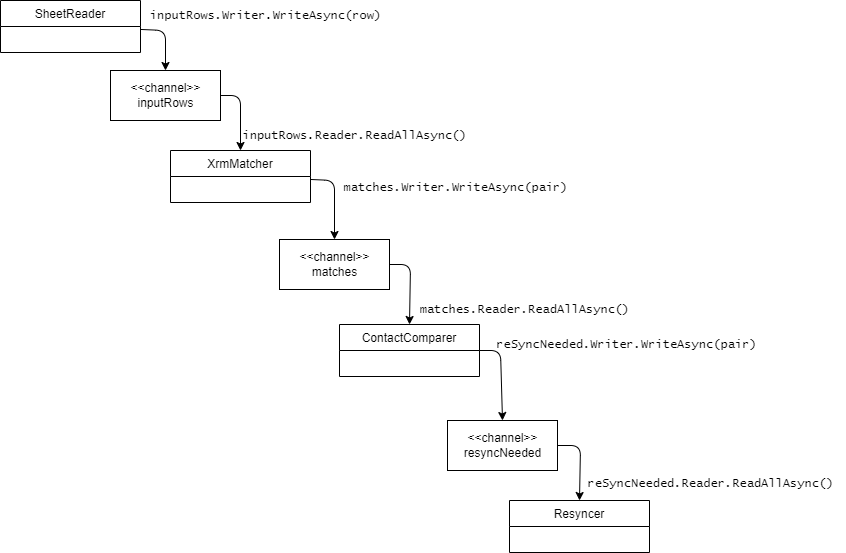

The diagram above was exported from draw.io. Its source (the exported page's mxGraphModel, read from the mxfile embedded in the PNG):
<mxGraphModel dx="914" dy="684" grid="1" gridSize="10" guides="1" tooltips="1" connect="1" arrows="1" fold="1" page="1" pageScale="1" pageWidth="1169" pageHeight="827" background="#ffffff" math="0" shadow="0">
  <root>
    <mxCell id="0" />
    <mxCell id="1" parent="0" />
    <mxCell id="16" style="edgeStyle=none;html=1;entryX=0.5;entryY=0;entryDx=0;entryDy=0;" edge="1" parent="1" source="6" target="13">
      <mxGeometry relative="1" as="geometry">
        <Array as="points">
          <mxPoint x="245" y="180" />
        </Array>
      </mxGeometry>
    </mxCell>
    <mxCell id="6" value="SheetReader" style="swimlane;fontStyle=0;childLayout=stackLayout;horizontal=1;startSize=26;fillColor=none;horizontalStack=0;resizeParent=1;resizeParentMax=0;resizeLast=0;collapsible=1;marginBottom=0;" vertex="1" parent="1">
      <mxGeometry x="80" y="150" width="140" height="52" as="geometry" />
    </mxCell>
    <mxCell id="18" style="edgeStyle=none;html=1;entryX=0.5;entryY=0;entryDx=0;entryDy=0;" edge="1" parent="1" source="10" target="15">
      <mxGeometry relative="1" as="geometry">
        <Array as="points">
          <mxPoint x="414" y="330" />
        </Array>
      </mxGeometry>
    </mxCell>
    <mxCell id="10" value="XrmMatcher" style="swimlane;fontStyle=0;childLayout=stackLayout;horizontal=1;startSize=26;fillColor=none;horizontalStack=0;resizeParent=1;resizeParentMax=0;resizeLast=0;collapsible=1;marginBottom=0;" vertex="1" parent="1">
      <mxGeometry x="250" y="300" width="140" height="52" as="geometry" />
    </mxCell>
    <mxCell id="20" style="edgeStyle=none;html=1;entryX=0.5;entryY=0;entryDx=0;entryDy=0;" edge="1" parent="1" source="11" target="14">
      <mxGeometry relative="1" as="geometry">
        <Array as="points">
          <mxPoint x="580" y="500" />
        </Array>
      </mxGeometry>
    </mxCell>
    <mxCell id="11" value="ContactComparer" style="swimlane;fontStyle=0;childLayout=stackLayout;horizontal=1;startSize=26;fillColor=none;horizontalStack=0;resizeParent=1;resizeParentMax=0;resizeLast=0;collapsible=1;marginBottom=0;" vertex="1" parent="1">
      <mxGeometry x="419" y="474" width="140" height="52" as="geometry" />
    </mxCell>
    <mxCell id="12" value="Resyncer" style="swimlane;fontStyle=0;childLayout=stackLayout;horizontal=1;startSize=26;fillColor=none;horizontalStack=0;resizeParent=1;resizeParentMax=0;resizeLast=0;collapsible=1;marginBottom=0;" vertex="1" parent="1">
      <mxGeometry x="589" y="650" width="140" height="52" as="geometry" />
    </mxCell>
    <mxCell id="17" style="edgeStyle=none;html=1;entryX=0.5;entryY=0;entryDx=0;entryDy=0;" edge="1" parent="1" source="13" target="10">
      <mxGeometry relative="1" as="geometry">
        <Array as="points">
          <mxPoint x="320" y="245" />
        </Array>
      </mxGeometry>
    </mxCell>
    <mxCell id="13" value="&amp;lt;&amp;lt;channel&amp;gt;&amp;gt;&lt;br&gt;inputRows" style="html=1;" vertex="1" parent="1">
      <mxGeometry x="190" y="220" width="110" height="50" as="geometry" />
    </mxCell>
    <mxCell id="21" style="edgeStyle=none;html=1;entryX=0.5;entryY=0;entryDx=0;entryDy=0;" edge="1" parent="1" source="14" target="12">
      <mxGeometry relative="1" as="geometry">
        <Array as="points">
          <mxPoint x="660" y="595" />
        </Array>
      </mxGeometry>
    </mxCell>
    <mxCell id="14" value="&amp;lt;&amp;lt;channel&amp;gt;&amp;gt;&lt;br&gt;resyncNeeded" style="html=1;" vertex="1" parent="1">
      <mxGeometry x="527" y="570" width="110" height="50" as="geometry" />
    </mxCell>
    <mxCell id="19" style="edgeStyle=none;html=1;entryX=0.5;entryY=0;entryDx=0;entryDy=0;" edge="1" parent="1" source="15" target="11">
      <mxGeometry relative="1" as="geometry">
        <Array as="points">
          <mxPoint x="490" y="414" />
        </Array>
      </mxGeometry>
    </mxCell>
    <mxCell id="15" value="&amp;lt;&amp;lt;channel&amp;gt;&amp;gt;&lt;br&gt;matches" style="html=1;" vertex="1" parent="1">
      <mxGeometry x="359" y="389" width="110" height="50" as="geometry" />
    </mxCell>
    <mxCell id="22" value="&lt;font face=&quot;Lucida Console&quot;&gt;inputRows.Writer.WriteAsync(row)&lt;/font&gt;" style="text;html=1;align=center;verticalAlign=middle;resizable=0;points=[];autosize=1;strokeColor=none;fillColor=none;" vertex="1" parent="1">
      <mxGeometry x="220" y="150" width="250" height="30" as="geometry" />
    </mxCell>
    <mxCell id="23" value="&lt;font face=&quot;Lucida Console&quot;&gt;inputRows.Reader.ReadAllAsync()&lt;/font&gt;" style="text;html=1;align=center;verticalAlign=middle;resizable=0;points=[];autosize=1;strokeColor=none;fillColor=none;" vertex="1" parent="1">
      <mxGeometry x="309" y="270" width="250" height="30" as="geometry" />
    </mxCell>
    <mxCell id="24" value="&lt;font face=&quot;Lucida Console&quot;&gt;matches.Writer.WriteAsync(pair)&lt;/font&gt;" style="text;html=1;align=center;verticalAlign=middle;resizable=0;points=[];autosize=1;strokeColor=none;fillColor=none;" vertex="1" parent="1">
      <mxGeometry x="410" y="322" width="250" height="30" as="geometry" />
    </mxCell>
    <mxCell id="25" value="&lt;font face=&quot;Lucida Console&quot;&gt;matches.Reader.ReadAllAsync()&lt;/font&gt;" style="text;html=1;align=center;verticalAlign=middle;resizable=0;points=[];autosize=1;strokeColor=none;fillColor=none;" vertex="1" parent="1">
      <mxGeometry x="489" y="444" width="230" height="30" as="geometry" />
    </mxCell>
    <mxCell id="26" value="&lt;font face=&quot;Lucida Console&quot;&gt;reSyncNeeded.Writer.WriteAsync(pair)&lt;/font&gt;" style="text;html=1;align=center;verticalAlign=middle;resizable=0;points=[];autosize=1;strokeColor=none;fillColor=none;" vertex="1" parent="1">
      <mxGeometry x="566" y="479" width="280" height="30" as="geometry" />
    </mxCell>
    <mxCell id="27" value="&lt;font face=&quot;Lucida Console&quot;&gt;reSyncNeeded.Reader.ReadAllAsync()&lt;/font&gt;" style="text;html=1;align=center;verticalAlign=middle;resizable=0;points=[];autosize=1;strokeColor=none;fillColor=none;" vertex="1" parent="1">
      <mxGeometry x="655" y="618" width="270" height="30" as="geometry" />
    </mxCell>
  </root>
</mxGraphModel>
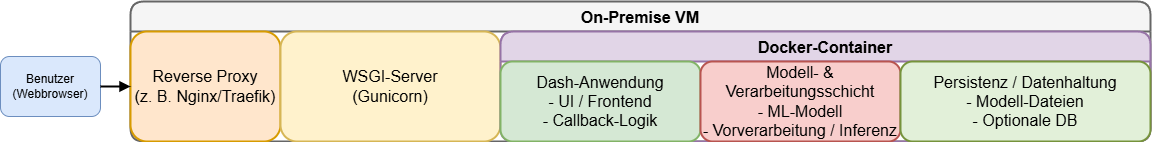

The diagram above was exported from draw.io. Its source (the exported page's mxGraphModel, read from the mxfile embedded in the PNG):
<mxGraphModel dx="1471" dy="894" grid="1" gridSize="10" guides="1" tooltips="1" connect="1" arrows="1" fold="1" page="1" pageScale="1" pageWidth="827" pageHeight="1169" math="0" shadow="0">
  <root>
    <mxCell id="0" />
    <mxCell id="1" parent="0" />
    <mxCell id="IhWYzljjfPZjwq97S6O0-2" parent="1" style="rounded=1;whiteSpace=wrap;html=1;fillColor=#dae8fc;strokeColor=#6c8ebf;" value="Benutzer&#10;(Webbrowser)" vertex="1">
      <mxGeometry height="60" width="100" x="80" y="220" as="geometry" />
    </mxCell>
    <mxCell id="IhWYzljjfPZjwq97S6O0-3" parent="1" style="swimlane;childLayout=stackLayout;horizontal=1;startSize=30;rounded=1;fillColor=#f5f5f5;strokeColor=#666666;strokeWidth=2;fontSize=16;" value="On-Premise VM" vertex="1">
      <mxGeometry height="140" width="1020" x="210" y="165" as="geometry" />
    </mxCell>
    <mxCell id="IhWYzljjfPZjwq97S6O0-4" parent="IhWYzljjfPZjwq97S6O0-3" style="rounded=1;whiteSpace=wrap;html=1;fillColor=#ffe6cc;strokeColor=#d79b00;strokeWidth=2;fontSize=16;" value="Reverse Proxy&#10;(z. B. Nginx/Traefik)" vertex="1">
      <mxGeometry height="110" width="150" y="30" as="geometry" />
    </mxCell>
    <mxCell id="IhWYzljjfPZjwq97S6O0-5" parent="IhWYzljjfPZjwq97S6O0-3" style="rounded=1;whiteSpace=wrap;html=1;fillColor=#fff2cc;strokeColor=#d6b656;strokeWidth=2;fontSize=16;" value="WSGI-Server&#10;(Gunicorn)" vertex="1">
      <mxGeometry height="110" width="220" x="150" y="30" as="geometry" />
    </mxCell>
    <mxCell id="IhWYzljjfPZjwq97S6O0-6" parent="IhWYzljjfPZjwq97S6O0-3" style="swimlane;childLayout=stackLayout;horizontal=1;startSize=30;rounded=1;fillColor=#e1d5e7;strokeColor=#9673a6;strokeWidth=2;fontSize=16;" value="Docker-Container" vertex="1">
      <mxGeometry height="110" width="650" x="370" y="30" as="geometry" />
    </mxCell>
    <mxCell id="IhWYzljjfPZjwq97S6O0-7" parent="IhWYzljjfPZjwq97S6O0-6" style="rounded=1;whiteSpace=wrap;html=1;fillColor=#d5e8d4;strokeColor=#82b366;strokeWidth=2;fontSize=16;" value="Dash-Anwendung&#10;- UI / Frontend&#10;- Callback-Logik" vertex="1">
      <mxGeometry height="80" width="200" y="30" as="geometry" />
    </mxCell>
    <mxCell id="IhWYzljjfPZjwq97S6O0-8" parent="IhWYzljjfPZjwq97S6O0-6" style="rounded=1;whiteSpace=wrap;html=1;fillColor=#f8cecc;strokeColor=#b85450;strokeWidth=2;fontSize=16;" value="Modell- &amp;amp; Verarbeitungsschicht&#10;- ML-Modell&#10;- Vorverarbeitung / Inferenz" vertex="1">
      <mxGeometry height="80" width="200" x="200" y="30" as="geometry" />
    </mxCell>
    <mxCell id="IhWYzljjfPZjwq97S6O0-9" parent="IhWYzljjfPZjwq97S6O0-6" style="rounded=1;whiteSpace=wrap;html=1;fillColor=#e2f0d9;strokeColor=#76933c;strokeWidth=2;fontSize=16;" value="Persistenz / Datenhaltung&#10;- Modell-Dateien&#10;- Optionale DB" vertex="1">
      <mxGeometry height="80" width="250" x="400" y="30" as="geometry" />
    </mxCell>
    <mxCell id="IhWYzljjfPZjwq97S6O0-10" edge="1" parent="IhWYzljjfPZjwq97S6O0-6" source="IhWYzljjfPZjwq97S6O0-7" style="endArrow=block;strokeColor=#000000;strokeWidth=2;fontSize=16;" target="IhWYzljjfPZjwq97S6O0-8">
      <mxGeometry relative="1" as="geometry" />
    </mxCell>
    <mxCell id="IhWYzljjfPZjwq97S6O0-11" edge="1" parent="IhWYzljjfPZjwq97S6O0-6" source="IhWYzljjfPZjwq97S6O0-8" style="endArrow=block;strokeColor=#000000;strokeWidth=2;fontSize=16;" target="IhWYzljjfPZjwq97S6O0-9">
      <mxGeometry relative="1" as="geometry" />
    </mxCell>
    <mxCell id="IhWYzljjfPZjwq97S6O0-12" edge="1" parent="IhWYzljjfPZjwq97S6O0-3" source="IhWYzljjfPZjwq97S6O0-4" style="endArrow=block;strokeColor=#000000;strokeWidth=2;fontSize=16;" target="IhWYzljjfPZjwq97S6O0-5">
      <mxGeometry relative="1" as="geometry" />
    </mxCell>
    <mxCell id="IhWYzljjfPZjwq97S6O0-13" edge="1" parent="IhWYzljjfPZjwq97S6O0-3" source="IhWYzljjfPZjwq97S6O0-5" style="endArrow=block;strokeColor=#000000;strokeWidth=2;fontSize=16;" target="IhWYzljjfPZjwq97S6O0-6">
      <mxGeometry relative="1" as="geometry" />
    </mxCell>
    <mxCell id="IhWYzljjfPZjwq97S6O0-14" edge="1" parent="1" source="IhWYzljjfPZjwq97S6O0-2" style="endArrow=block;strokeColor=#000000;strokeWidth=2;fontSize=16;" target="IhWYzljjfPZjwq97S6O0-4">
      <mxGeometry relative="1" as="geometry" />
    </mxCell>
  </root>
</mxGraphModel>

★ ★ ★ ★ ★

▸ Exercise brief: Pull every line with the string "arrows" out of the material.

▸ Answer area:
<mxGraphModel dx="914" dy="684" grid="1" gridSize="10" guides="1" tooltips="1" connect="1" arrows="1" fold="1" page="1" pageScale="1" pageWidth="1169" pageHeight="827" background="#ffffff" math="0" shadow="0">
<mxGraphModel dx="1471" dy="894" grid="1" gridSize="10" guides="1" tooltips="1" connect="1" arrows="1" fold="1" page="1" pageScale="1" pageWidth="827" pageHeight="1169" math="0" shadow="0">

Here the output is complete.